マレーシアで事業拠点を立ち上げた。
日本からチームメンバーを迎え入れ、現地でプロジェクトを回す。1人ではなくチームで事業を大きくしていく。そんなビジョンを描いていた。
結果として、チーム体制は半年で崩れた。 数百万円の採用投資が消えた。
この記事は成功談ではない。海外でスタートアップを立ち上げるとき、何が起きるかわからない環境で「人を採用する」ことのリスクを身をもって経験した記録だ。そして、その経験からAIを選び、事業を前に進めている現在の話だ。
海外は、何が起きるかわからない
マレーシアの活動拠点に、日本からメンバーを迎え入れた。ビザの手配、住居の準備、現地の受け入れ体制の構築。
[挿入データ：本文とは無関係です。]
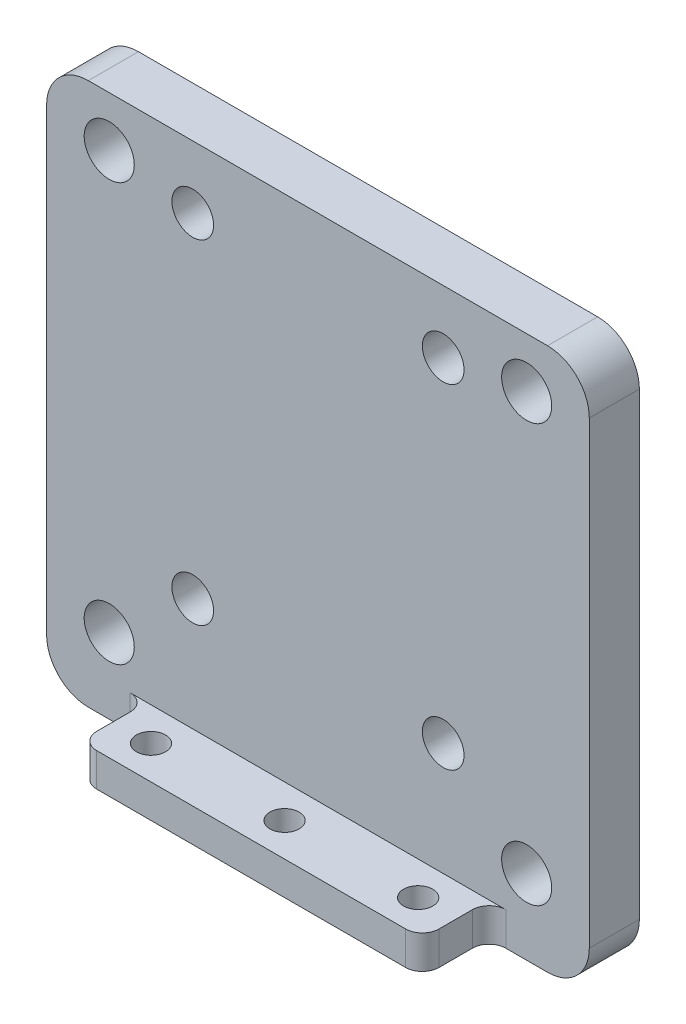
ISO-10303-21;
HEADER;
FILE_DESCRIPTION(('STEP AP214'),'2;1');
FILE_NAME('part.step','',(''),(''),'','','');
FILE_SCHEMA(('AUTOMOTIVE_DESIGN { 1 0 10303 214 1 1 1 1 }'));
ENDSEC;
DATA;
#1=APPLICATION_CONTEXT('core data for automotive mechanical design processes');
#2=APPLICATION_PROTOCOL_DEFINITION('international standard','automotive_design',2000,#1);
#3=PRODUCT_CONTEXT('',#1,'mechanical');
#4=PRODUCT('Part','Part','',(#3));
#5=PRODUCT_RELATED_PRODUCT_CATEGORY('part','',(#4));
#6=PRODUCT_DEFINITION_FORMATION('','',#4);
#7=PRODUCT_DEFINITION_CONTEXT('part definition',#1,'design');
#8=PRODUCT_DEFINITION('design','',#6,#7);
#9=PRODUCT_DEFINITION_SHAPE('','',#8);
#10=(LENGTH_UNIT() NAMED_UNIT(*) SI_UNIT(.MILLI.,.METRE.));
#11=(NAMED_UNIT(*) PLANE_ANGLE_UNIT() SI_UNIT($,.RADIAN.));
#12=(NAMED_UNIT(*) SI_UNIT($,.STERADIAN.) SOLID_ANGLE_UNIT());
#13=UNCERTAINTY_MEASURE_WITH_UNIT(LENGTH_MEASURE(1.E-05),#10,'distance_accuracy_value','');
#14=(GEOMETRIC_REPRESENTATION_CONTEXT(3) GLOBAL_UNCERTAINTY_ASSIGNED_CONTEXT((#13)) GLOBAL_UNIT_ASSIGNED_CONTEXT((#10,
#11,#12)) REPRESENTATION_CONTEXT('',''));
#15=CARTESIAN_POINT('',(0.,0.,0.));
#16=DIRECTION('',(0.,0.,1.));
#17=DIRECTION('',(1.,0.,0.));
#18=AXIS2_PLACEMENT_3D('',#15,#16,#17);
#19=CARTESIAN_POINT('',(0.,0.,6.));
#20=DIRECTION('',(0.,0.,1.));
#21=DIRECTION('',(1.,0.,0.));
#22=AXIS2_PLACEMENT_3D('',#19,#20,#21);
#23=PLANE('',#22);
#24=CARTESIAN_POINT('',(-15.,25.,6.));
#25=DIRECTION('',(0.,0.,1.));
#26=DIRECTION('',(1.,0.,0.));
#27=AXIS2_PLACEMENT_3D('',#24,#25,#26);
#28=CIRCLE('',#27,2.5);
#29=CARTESIAN_POINT('',(-12.5,25.,6.));
#30=VERTEX_POINT('',#29);
#31=EDGE_CURVE('E340',#30,#30,#28,.T.);
#32=ORIENTED_EDGE('',*,*,#31,.F.);
#33=EDGE_LOOP('',(#32));
#34=FACE_BOUND('',#33,.T.);
#35=CARTESIAN_POINT('',(15.,-15.,6.));
#36=DIRECTION('',(0.,0.,1.));
#37=DIRECTION('',(1.,0.,0.));
#38=AXIS2_PLACEMENT_3D('',#35,#36,#37);
#39=CIRCLE('',#38,2.5);
#40=CARTESIAN_POINT('',(17.5,-15.,6.));
#41=VERTEX_POINT('',#40);
#42=EDGE_CURVE('E336',#41,#41,#39,.T.);
#43=ORIENTED_EDGE('',*,*,#42,.F.);
#44=EDGE_LOOP('',(#43));
#45=FACE_BOUND('',#44,.T.);
#46=CARTESIAN_POINT('',(-15.,-15.,6.));
#47=DIRECTION('',(0.,0.,1.));
#48=DIRECTION('',(1.,0.,0.));
#49=AXIS2_PLACEMENT_3D('',#46,#47,#48);
#50=CIRCLE('',#49,2.5);
#51=CARTESIAN_POINT('',(-12.5,-15.,6.));
#52=VERTEX_POINT('',#51);
#53=EDGE_CURVE('E332',#52,#52,#50,.T.);
#54=ORIENTED_EDGE('',*,*,#53,.F.);
#55=EDGE_LOOP('',(#54));
#56=FACE_BOUND('',#55,.T.);
#57=CARTESIAN_POINT('',(15.,25.,6.));
#58=DIRECTION('',(0.,0.,1.));
#59=DIRECTION('',(1.,0.,0.));
#60=AXIS2_PLACEMENT_3D('',#57,#58,#59);
#61=CIRCLE('',#60,2.5);
#62=CARTESIAN_POINT('',(17.5,25.,6.));
#63=VERTEX_POINT('',#62);
#64=EDGE_CURVE('E328',#63,#63,#61,.T.);
#65=ORIENTED_EDGE('',*,*,#64,.F.);
#66=EDGE_LOOP('',(#65));
#67=FACE_BOUND('',#66,.T.);
#68=DIRECTION('',(-1.,0.,0.));
#69=VECTOR('',#68,1.);
#70=CARTESIAN_POINT('',(-20.5,-28.5,6.));
#71=LINE('',#70,#69);
#72=CARTESIAN_POINT('',(22.5,-28.5,6.));
#73=VERTEX_POINT('',#72);
#74=CARTESIAN_POINT('',(-22.5,-28.5,6.));
#75=VERTEX_POINT('',#74);
#76=EDGE_CURVE('E344',#73,#75,#71,.T.);
#77=ORIENTED_EDGE('',*,*,#76,.F.);
#78=DIRECTION('',(0.,1.,0.));
#79=VECTOR('',#78,1.);
#80=CARTESIAN_POINT('',(22.5,0.,6.));
#81=LINE('',#80,#79);
#82=CARTESIAN_POINT('',(22.5,-32.5,6.));
#83=VERTEX_POINT('',#82);
#84=EDGE_CURVE('E257',#73,#83,#81,.F.);
#85=ORIENTED_EDGE('',*,*,#84,.T.);
#86=DIRECTION('',(1.,0.,0.));
#87=VECTOR('',#86,1.);
#88=CARTESIAN_POINT('',(-32.5,-32.5,6.));
#89=LINE('',#88,#87);
#90=CARTESIAN_POINT('',(27.5,-32.5,6.));
#91=VERTEX_POINT('',#90);
#92=EDGE_CURVE('E405',#83,#91,#89,.T.);
#93=ORIENTED_EDGE('',*,*,#92,.T.);
#94=CARTESIAN_POINT('',(27.5,-27.5,6.));
#95=DIRECTION('',(0.,0.,1.));
#96=DIRECTION('',(1.,0.,0.));
#97=AXIS2_PLACEMENT_3D('',#94,#95,#96);
#98=CIRCLE('',#97,5.);
#99=CARTESIAN_POINT('',(32.5,-27.5,6.));
#100=VERTEX_POINT('',#99);
#101=EDGE_CURVE('E229',#91,#100,#98,.T.);
#102=ORIENTED_EDGE('',*,*,#101,.T.);
#103=DIRECTION('',(0.,1.,0.));
#104=VECTOR('',#103,1.);
#105=CARTESIAN_POINT('',(32.5,32.5,6.));
#106=LINE('',#105,#104);
#107=CARTESIAN_POINT('',(32.5,27.5,6.));
#108=VERTEX_POINT('',#107);
#109=EDGE_CURVE('E176',#100,#108,#106,.T.);
#110=ORIENTED_EDGE('',*,*,#109,.T.);
#111=CARTESIAN_POINT('',(27.5,27.5,6.));
#112=DIRECTION('',(0.,0.,1.));
#113=DIRECTION('',(1.,0.,0.));
#114=AXIS2_PLACEMENT_3D('',#111,#112,#113);
#115=CIRCLE('',#114,5.);
#116=CARTESIAN_POINT('',(27.5,32.5,6.));
#117=VERTEX_POINT('',#116);
#118=EDGE_CURVE('E223',#108,#117,#115,.T.);
#119=ORIENTED_EDGE('',*,*,#118,.T.);
#120=DIRECTION('',(-1.,0.,0.));
#121=VECTOR('',#120,1.);
#122=CARTESIAN_POINT('',(-32.5,32.5,6.));
#123=LINE('',#122,#121);
#124=CARTESIAN_POINT('',(-27.5,32.5,6.));
#125=VERTEX_POINT('',#124);
#126=EDGE_CURVE('E399',#117,#125,#123,.T.);
#127=ORIENTED_EDGE('',*,*,#126,.T.);
#128=CARTESIAN_POINT('',(-27.5,27.5,6.));
#129=DIRECTION('',(0.,0.,1.));
#130=DIRECTION('',(1.,0.,0.));
#131=AXIS2_PLACEMENT_3D('',#128,#129,#130);
#132=CIRCLE('',#131,5.);
#133=CARTESIAN_POINT('',(-32.5,27.5,6.));
#134=VERTEX_POINT('',#133);
#135=EDGE_CURVE('E220',#125,#134,#132,.T.);
#136=ORIENTED_EDGE('',*,*,#135,.T.);
#137=DIRECTION('',(0.,-1.,0.));
#138=VECTOR('',#137,1.);
#139=CARTESIAN_POINT('',(-32.5,32.5,6.));
#140=LINE('',#139,#138);
#141=CARTESIAN_POINT('',(-32.5,-27.5,6.));
#142=VERTEX_POINT('',#141);
#143=EDGE_CURVE('E402',#134,#142,#140,.T.);
#144=ORIENTED_EDGE('',*,*,#143,.T.);
#145=CARTESIAN_POINT('',(-27.5,-27.5,6.));
#146=DIRECTION('',(0.,0.,1.));
#147=DIRECTION('',(1.,0.,0.));
#148=AXIS2_PLACEMENT_3D('',#145,#146,#147);
#149=CIRCLE('',#148,5.);
#150=CARTESIAN_POINT('',(-27.5,-32.5,6.));
#151=VERTEX_POINT('',#150);
#152=EDGE_CURVE('E226',#142,#151,#149,.T.);
#153=ORIENTED_EDGE('',*,*,#152,.T.);
#154=CARTESIAN_POINT('',(-22.5,-32.5,6.));
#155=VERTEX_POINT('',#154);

1人あたり数百万円の投資だ。
しかし、海外拠点の立ち上げは想定外の連続だった。
生活環境が人を変える。 言語、食事、気候、人間関係。日本にいたときには想像できなかったストレスが日常的にかかる。「海外で働きたい」という意欲と、実際に海外で走り続ける力は、まったく別物だった。これは本人の問題ではない。海外に来てみなければわからないことだ。
経営者とメンバーの見ている景色が違う。 スタートアップの立ち上げに必要なのは、自分で課題を見つけて動く姿勢だ。しかし、メンバーが求めていたのは「海外経験」であって、「ゼロから事業を作ること」ではなかったのかもしれない。この温度差は、日本にいるときには見えなかった。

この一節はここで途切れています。